A School of Public Health analysis of Zika cases identified and treated by doctors participating in a global health surveillance network has underscored the importance of the role of travelers as “sentinels” of Zika virus circulation.
In a case series review published in the Annals of Internal Medicine, SPH researchers also highlighted the “critical need for high-quality, widely available, standardized diagnostic tests for Zika virus infection.”
Davidson Hamer, professor of global health and director of the travel clinic at Boston Medical Center, led the team analyzing 93 cases of Zika virus infection that were identified and tracked via GeoSentinel, a global surveillance network comprising 63 specialized travel and tropical medicine clinics in 30 countries.
No commercial diagnostic test for Zika virus existed when the Zika cases were tracked, compounding the difficulty in initially determining whether a traveler’s rash, fever, joint pain, and other nonspecific flu-like symptoms were actually caused by Zika infection.
The analysis found that travel to and from South America, Central America, and the Caribbean—places with highly publicized Zika outbreaks—was highest for the United States, but most cases identified by GeoSentinel were European travelers.

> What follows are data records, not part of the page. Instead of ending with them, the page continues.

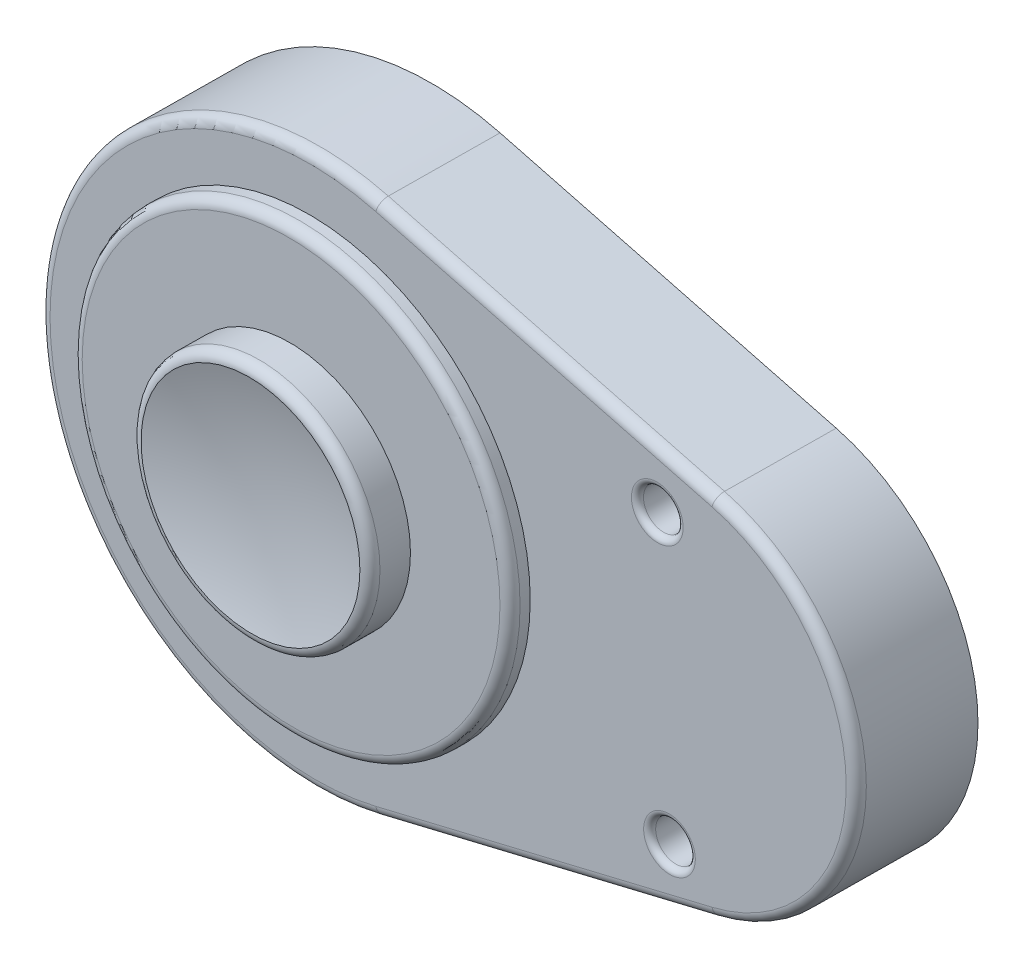
ISO-10303-21;
HEADER;
FILE_DESCRIPTION(('STEP AP214'),'2;1');
FILE_NAME('part.step','',(''),(''),'','','');
FILE_SCHEMA(('AUTOMOTIVE_DESIGN { 1 0 10303 214 1 1 1 1 }'));
ENDSEC;
DATA;
#1=APPLICATION_CONTEXT('core data for automotive mechanical design processes');
#2=APPLICATION_PROTOCOL_DEFINITION('international standard','automotive_design',2000,#1);
#3=PRODUCT_CONTEXT('',#1,'mechanical');
#4=PRODUCT('Part','Part','',(#3));
#5=PRODUCT_RELATED_PRODUCT_CATEGORY('part','',(#4));
#6=PRODUCT_DEFINITION_FORMATION('','',#4);
#7=PRODUCT_DEFINITION_CONTEXT('part definition',#1,'design');
#8=PRODUCT_DEFINITION('design','',#6,#7);
#9=PRODUCT_DEFINITION_SHAPE('','',#8);
#10=(LENGTH_UNIT() NAMED_UNIT(*) SI_UNIT(.MILLI.,.METRE.));
#11=(NAMED_UNIT(*) PLANE_ANGLE_UNIT() SI_UNIT($,.RADIAN.));
#12=(NAMED_UNIT(*) SI_UNIT($,.STERADIAN.) SOLID_ANGLE_UNIT());
#13=UNCERTAINTY_MEASURE_WITH_UNIT(LENGTH_MEASURE(1.E-05),#10,'distance_accuracy_value','');
#14=(GEOMETRIC_REPRESENTATION_CONTEXT(3) GLOBAL_UNCERTAINTY_ASSIGNED_CONTEXT((#13)) GLOBAL_UNIT_ASSIGNED_CONTEXT((#10,
#11,#12)) REPRESENTATION_CONTEXT('',''));
#15=CARTESIAN_POINT('',(0.,0.,0.));
#16=DIRECTION('',(0.,0.,1.));
#17=DIRECTION('',(1.,0.,0.));
#18=AXIS2_PLACEMENT_3D('',#15,#16,#17);
#19=CARTESIAN_POINT('',(-0.913899219910125,294.000000000001,89.995359814914));
#20=DIRECTION('',(0.0101544357767432,0.,-0.999948442387934));
#21=DIRECTION('',(-0.999948442387934,0.,-0.0101544357767432));
#22=AXIS2_PLACEMENT_3D('',#19,#20,#21);
#23=CYLINDRICAL_SURFACE('',#22,46.9225149813001);
#24=DIRECTION('',(0.0101544357767432,0.,-0.999948442387934));
#25=VECTOR('',#24,1.);
#26=CARTESIAN_POINT('',(10.3753588625768,339.544065709367,90.1100017717452));
#27=LINE('',#26,#25);
#28=CARTESIAN_POINT('',(10.4007449520186,339.544065709367,87.6101306657754));
#29=VERTEX_POINT('',#28);
#30=CARTESIAN_POINT('',(10.6799919358791,339.544065709367,60.1115485001072));
#31=VERTEX_POINT('',#30);
#32=EDGE_CURVE('E88',#29,#31,#27,.T.);
#33=ORIENTED_EDGE('',*,*,#32,.F.);
#34=CARTESIAN_POINT('',(-0.888513130468267,294.000000000001,87.4954887089442));
#35=DIRECTION('',(-0.0101544357767432,0.,0.999948442387934));
#36=DIRECTION('',(0.999948442387934,0.,0.0101544357767432));
#37=AXIS2_PLACEMENT_3D('',#34,#35,#36);
#38=CIRCLE('',#37,46.9225149813001);
#39=CARTESIAN_POINT('',(10.4007449520186,248.455934290634,87.6101306657754));
#40=VERTEX_POINT('',#39);
#41=EDGE_CURVE('E146',#29,#40,#38,.F.);
#42=ORIENTED_EDGE('',*,*,#41,.T.);
#43=DIRECTION('',(0.0101544357767432,0.,-0.999948442387934));
#44=VECTOR('',#43,1.);
#45=CARTESIAN_POINT('',(10.3753588625768,248.455934290634,90.1100017717452));
#46=LINE('',#45,#44);
#47=CARTESIAN_POINT('',(10.6799919358791,248.455934290634,60.1115485001072));
#48=VERTEX_POINT('',#47);
#49=EDGE_CURVE('E110',#40,#48,#46,.T.);
#50=ORIENTED_EDGE('',*,*,#49,.T.);
#51=CARTESIAN_POINT('',(-0.609266146607829,294.000000000001,59.996906543276));
#52=DIRECTION('',(-0.0101544357767432,0.,0.999948442387934));
#53=DIRECTION('',(0.999948442387934,0.,0.0101544357767432));
#54=AXIS2_PLACEMENT_3D('',#51,#52,#53);
#55=CIRCLE('',#54,46.9225149813001);
#56=EDGE_CURVE('E106',#48,#31,#55,.T.);
#57=ORIENTED_EDGE('',*,*,#56,.T.);
#58=EDGE_LOOP('',(#33,#42,#50,#57));
#59=FACE_BOUND('',#58,.T.);
#60=ADVANCED_FACE('F33',(#59),#23,.T.);
#61=CARTESIAN_POINT('',(10.3753588625768,339.544065709367,90.1100017717452));
#62=DIRECTION('',(-0.240593627323387,-0.970622860422481,-0.00244321850346071));
#63=DIRECTION('',(0.970625757413055,-0.240594345416375,0.));
#64=AXIS2_PLACEMENT_3D('',#61,#62,#63);
#65=PLANE('',#64);
#66=DIRECTION('',(0.0101544357767432,0.,-0.999948442387934));
#67=VECTOR('',#66,1.);
#68=CARTESIAN_POINT('',(-74.1083462192989,360.487665938941,89.2520731815606));
#69=LINE('',#68,#67);
#70=CARTESIAN_POINT('',(-74.082960129857,360.487665938941,86.7522020755908));
#71=VERTEX_POINT('',#70);
#72=CARTESIAN_POINT('',(-73.8037131459966,360.487665938941,59.2536199099226));
#73=VERTEX_POINT('',#72);
#74=EDGE_CURVE('E100',#71,#73,#69,.T.);
#75=ORIENTED_EDGE('',*,*,#74,.F.);
#76=DIRECTION('',(-0.970572817425582,0.240606032395866,-0.00985612749959888));
#77=VECTOR('',#76,1.);
#78=CARTESIAN_POINT('',(10.4007449520186,339.544065709367,87.6101306657754));
#79=LINE('',#78,#77);
#80=EDGE_CURVE('E94',#71,#29,#79,.F.);
#81=ORIENTED_EDGE('',*,*,#80,.T.);
#82=ORIENTED_EDGE('',*,*,#32,.T.);
#83=DIRECTION('',(-0.970572817425581,0.240606032395866,-0.00985612749959894));
#84=VECTOR('',#83,1.);
#85=CARTESIAN_POINT('',(10.6799919358791,339.544065709367,60.1115485001072));
#86=LINE('',#85,#84);
#87=EDGE_CURVE('E91',#31,#73,#86,.T.);
#88=ORIENTED_EDGE('',*,*,#87,.T.);
#89=EDGE_LOOP('',(#75,#81,#82,#88));
#90=FACE_BOUND('',#89,.T.);
#91=ADVANCED_FACE('F90',(#90),#65,.F.);
#92=CARTESIAN_POINT('',(-90.5890096909508,294.000000000001,89.0847127140735));
#93=DIRECTION('',(0.0101544357767432,0.,-0.999948442387934));
#94=DIRECTION('',(-0.999948442387934,0.,-0.0101544357767432));
#95=AXIS2_PLACEMENT_3D('',#92,#93,#94);
#96=CYLINDRICAL_SURFACE('',#95,68.5);
#97=DIRECTION('',(0.0101544357767432,0.,-0.999948442387934));
#98=VECTOR('',#97,1.);
#99=CARTESIAN_POINT('',(-74.1083462192989,227.512334061061,89.2520731815606));
#100=LINE('',#99,#98);
#101=CARTESIAN_POINT('',(-74.082960129857,227.512334061061,86.7522020755908));
#102=VERTEX_POINT('',#101);
#103=CARTESIAN_POINT('',(-73.8037131459966,227.512334061061,59.2536199099226));
#104=VERTEX_POINT('',#103);
#105=EDGE_CURVE('E124',#102,#104,#100,.T.);
#106=ORIENTED_EDGE('',*,*,#105,.F.);
#107=CARTESIAN_POINT('',(-90.563623601509,294.000000000001,86.5848416081037));
#108=DIRECTION('',(-0.0101544357767432,0.,0.999948442387934));
#109=DIRECTION('',(0.999948442387934,0.,0.0101544357767432));
#110=AXIS2_PLACEMENT_3D('',#107,#108,#109);
#111=CIRCLE('',#110,68.5);
#112=EDGE_CURVE('E49',#102,#71,#111,.F.);
#113=ORIENTED_EDGE('',*,*,#112,.T.);
#114=ORIENTED_EDGE('',*,*,#74,.T.);
#115=CARTESIAN_POINT('',(-90.2843766176485,294.000000000001,59.0862594424355));
#116=DIRECTION('',(-0.0101544357767432,0.,0.999948442387934));
#117=DIRECTION('',(0.999948442387934,0.,0.0101544357767432));
#118=AXIS2_PLACEMENT_3D('',#115,#116,#117);
#119=CIRCLE('',#118,68.5);
#120=EDGE_CURVE('E108',#73,#104,#119,.T.);
#121=ORIENTED_EDGE('',*,*,#120,.T.);
#122=EDGE_LOOP('',(#106,#113,#114,#121));
#123=FACE_BOUND('',#122,.T.);
#124=ADVANCED_FACE('F217',(#123),#96,.T.);
#125=CARTESIAN_POINT('',(-74.1083462192989,227.512334061061,89.2520731815606));
#126=DIRECTION('',(-0.240593627323385,0.970622860422482,-0.0024432185034609));
#127=DIRECTION('',(-0.970625757413055,-0.240594345416374,0.));
#128=AXIS2_PLACEMENT_3D('',#125,#126,#127);
#129=PLANE('',#128);
#130=ORIENTED_EDGE('',*,*,#49,.F.);
#131=DIRECTION('',(0.970572817425582,0.240606032395864,0.00985612749959883));
#132=VECTOR('',#131,1.);
#133=CARTESIAN_POINT('',(-74.082960129857,227.512334061061,86.7522020755908));
#134=LINE('',#133,#132);
#135=EDGE_CURVE('E57',#40,#102,#134,.F.);
#136=ORIENTED_EDGE('',*,*,#135,.T.);
#137=ORIENTED_EDGE('',*,*,#105,.T.);
#138=DIRECTION('',(0.970572817425582,0.240606032395864,0.00985612749959879));
#139=VECTOR('',#138,1.);
#140=CARTESIAN_POINT('',(-73.8037131459966,227.512334061061,59.2536199099226));
#141=LINE('',#140,#139);
#142=EDGE_CURVE('E121',#104,#48,#141,.T.);
#143=ORIENTED_EDGE('',*,*,#142,.T.);
#144=EDGE_LOOP('',(#130,#136,#137,#143));
#145=FACE_BOUND('',#144,.T.);
#146=ADVANCED_FACE('F209',(#145),#129,.F.);
#147=CARTESIAN_POINT('',(-0.913899219910125,294.000000000001,89.995359814914));
#148=DIRECTION('',(-0.0101544357767432,0.,0.999948442387934));
#149=DIRECTION('',(0.999948442387934,0.,0.0101544357767432));
#150=AXIS2_PLACEMENT_3D('',#147,#148,#149);
#151=PLANE('',#150);
#152=CARTESIAN_POINT('',(-0.913899219910086,259.067133874063,89.995359814914));
#153=DIRECTION('',(-0.0101544357767432,0.,0.999948442387934));
#154=DIRECTION('',(0.999948442387934,0.,0.0101544357767432));
#155=AXIS2_PLACEMENT_3D('',#152,#153,#154);
#156=CIRCLE('',#155,6.50000000000002);
#157=CARTESIAN_POINT('',(5.58576565561151,259.067133874063,90.0613636474629));
#158=VERTEX_POINT('',#157);
#159=EDGE_CURVE('E42',#158,#158,#156,.F.);
#160=ORIENTED_EDGE('',*,*,#159,.T.);
#161=EDGE_LOOP('',(#160));
#162=FACE_BOUND('',#161,.T.);
#163=CARTESIAN_POINT('',(-3.97874289420973,329.000000000001,89.9642364520113));
#164=DIRECTION('',(-0.0101544357767432,0.,0.999948442387934));
#165=DIRECTION('',(0.999948442387934,0.,0.0101544357767432));
#166=AXIS2_PLACEMENT_3D('',#163,#164,#165);
#167=CIRCLE('',#166,6.5);
#168=CARTESIAN_POINT('',(2.52092198131185,329.000000000001,90.0302402845602));
#169=VERTEX_POINT('',#168);
#170=EDGE_CURVE('E172',#169,#169,#167,.F.);
#171=ORIENTED_EDGE('',*,*,#170,.T.);
#172=EDGE_LOOP('',(#171));
#173=FACE_BOUND('',#172,.T.);
#174=DIRECTION('',(0.970572817425582,0.240606032395864,0.00985612749959883));
#175=VECTOR('',#174,1.);
#176=CARTESIAN_POINT('',(9.77387479426833,250.882491441691,90.1038937254866));
#177=LINE('',#176,#175);
#178=CARTESIAN_POINT('',(-74.7098302876073,229.938891212117,89.245965135302));
#179=VERTEX_POINT('',#178);
#180=CARTESIAN_POINT('',(9.77387479426833,250.882491441691,90.1038937254866));
#181=VERTEX_POINT('',#180);
#182=EDGE_CURVE('E141',#179,#181,#177,.T.);
#183=ORIENTED_EDGE('',*,*,#182,.T.);
#184=CARTESIAN_POINT('',(-0.913899219910125,294.000000000001,89.995359814914));
#185=DIRECTION('',(-0.0101544357767432,0.,0.999948442387934));
#186=DIRECTION('',(0.999948442387934,0.,0.0101544357767432));
#187=AXIS2_PLACEMENT_3D('',#184,#185,#186);
#188=CIRCLE('',#187,44.4225149813001);
#189=CARTESIAN_POINT('',(9.7738747942683,337.117508558311,90.1038937254866));
#190=VERTEX_POINT('',#189);
#191=EDGE_CURVE('E143',#181,#190,#188,.T.);
#192=ORIENTED_EDGE('',*,*,#191,.T.);
#193=DIRECTION('',(-0.970572817425582,0.240606032395866,-0.00985612749959888));
#194=VECTOR('',#193,1.);
#195=CARTESIAN_POINT('',(-74.7098302876074,358.061108787885,89.2459651353019));
#196=LINE('',#195,#194);
#197=CARTESIAN_POINT('',(-74.7098302876074,358.061108787885,89.2459651353019));
#198=VERTEX_POINT('',#197);
#199=EDGE_CURVE('E136',#190,#198,#196,.T.);
#200=ORIENTED_EDGE('',*,*,#199,.T.);
#201=CARTESIAN_POINT('',(-90.5890096909508,294.000000000001,89.0847127140735));
#202=DIRECTION('',(-0.0101544357767432,0.,0.999948442387934));
#203=DIRECTION('',(0.999948442387934,0.,0.0101544357767432));
#204=AXIS2_PLACEMENT_3D('',#201,#202,#203);
#205=CIRCLE('',#204,66.);
#206=EDGE_CURVE('E138',#198,#179,#205,.T.);
#207=ORIENTED_EDGE('',*,*,#206,.T.);
#208=EDGE_LOOP('',(#183,#192,#200,#207));
#209=FACE_BOUND('',#208,.T.);
#210=CARTESIAN_POINT('',(-90.9046190889751,294.000000000001,89.0815077134686));
#211=DIRECTION('',(-0.0101544357767432,0.,0.999948442387934));
#212=DIRECTION('',(0.999948442387934,0.,0.0101544357767432));
#213=AXIS2_PLACEMENT_3D('',#210,#211,#212);
#214=CIRCLE('',#213,55.);
#215=CARTESIAN_POINT('',(-35.9074547576387,294.000000000001,89.6400016811895));
#216=VERTEX_POINT('',#215);
#217=EDGE_CURVE('E99',#216,#216,#214,.T.);
#218=ORIENTED_EDGE('',*,*,#217,.F.);
#219=EDGE_LOOP('',(#218));
#220=FACE_BOUND('',#219,.T.);
#221=ADVANCED_FACE('F178',(#162,#173,#209,#220),#151,.T.);
#222=CARTESIAN_POINT('',(-0.609266146607829,294.000000000001,59.996906543276));
#223=DIRECTION('',(-0.0101544357767432,0.,0.999948442387934));
#224=DIRECTION('',(0.999948442387934,0.,0.0101544357767432));
#225=AXIS2_PLACEMENT_3D('',#222,#223,#224);
#226=PLANE('',#225);
#227=CARTESIAN_POINT('',(-3.67410982090744,329.000000000001,59.9657831803733));
#228=DIRECTION('',(-0.0101544357767432,0.,0.999948442387934));
#229=DIRECTION('',(0.999948442387934,0.,0.0101544357767432));
#230=AXIS2_PLACEMENT_3D('',#227,#228,#229);
#231=CIRCLE('',#230,3.0000000000433);
#232=CARTESIAN_POINT('',(-0.674264493700337,329.000000000001,59.9962464877039));
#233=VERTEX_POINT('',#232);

Researchers said the discrepancy may have been due to better access to testing in large European health centers and “differences in the proportion of ill travelers captured by GeoSentinel sites in Europe relative to North America.” In the US, diagnostic testing was limited to specific categories of patients such as pregnant women and patients with Guillain-Barré syndrome (GBS), an immune system disorder that can cause muscle weakness lasting for years.
Cases identified in the US could only be tested through the Centers for Disease Control and Prevention, resulting in few US patients tested and delays in their results. Hamer and the team also recommended that clinicians warn travelers visiting areas with ongoing Zika outbreaks of the risk for GBS and pregnancy complications, which include severe birth defects such as microcephaly and fetal death.
All the patients tracked via GeoSentinel were thought to have contracted the disease through bites from infected Aedes mosquitos. But researchers warn that recent evidence has documented alternative routes of Zika virus transmission, including sexual contact, blood transfusion, organ transplantation, laboratory exposure, and potentially breast milk, tears, and saliva.
Researchers said the non-vector methods of Zika transmission, in particular transmission through unprotected sex, “increase the potential for virus spread, and the complexity of the public health challenge to prevent infections.”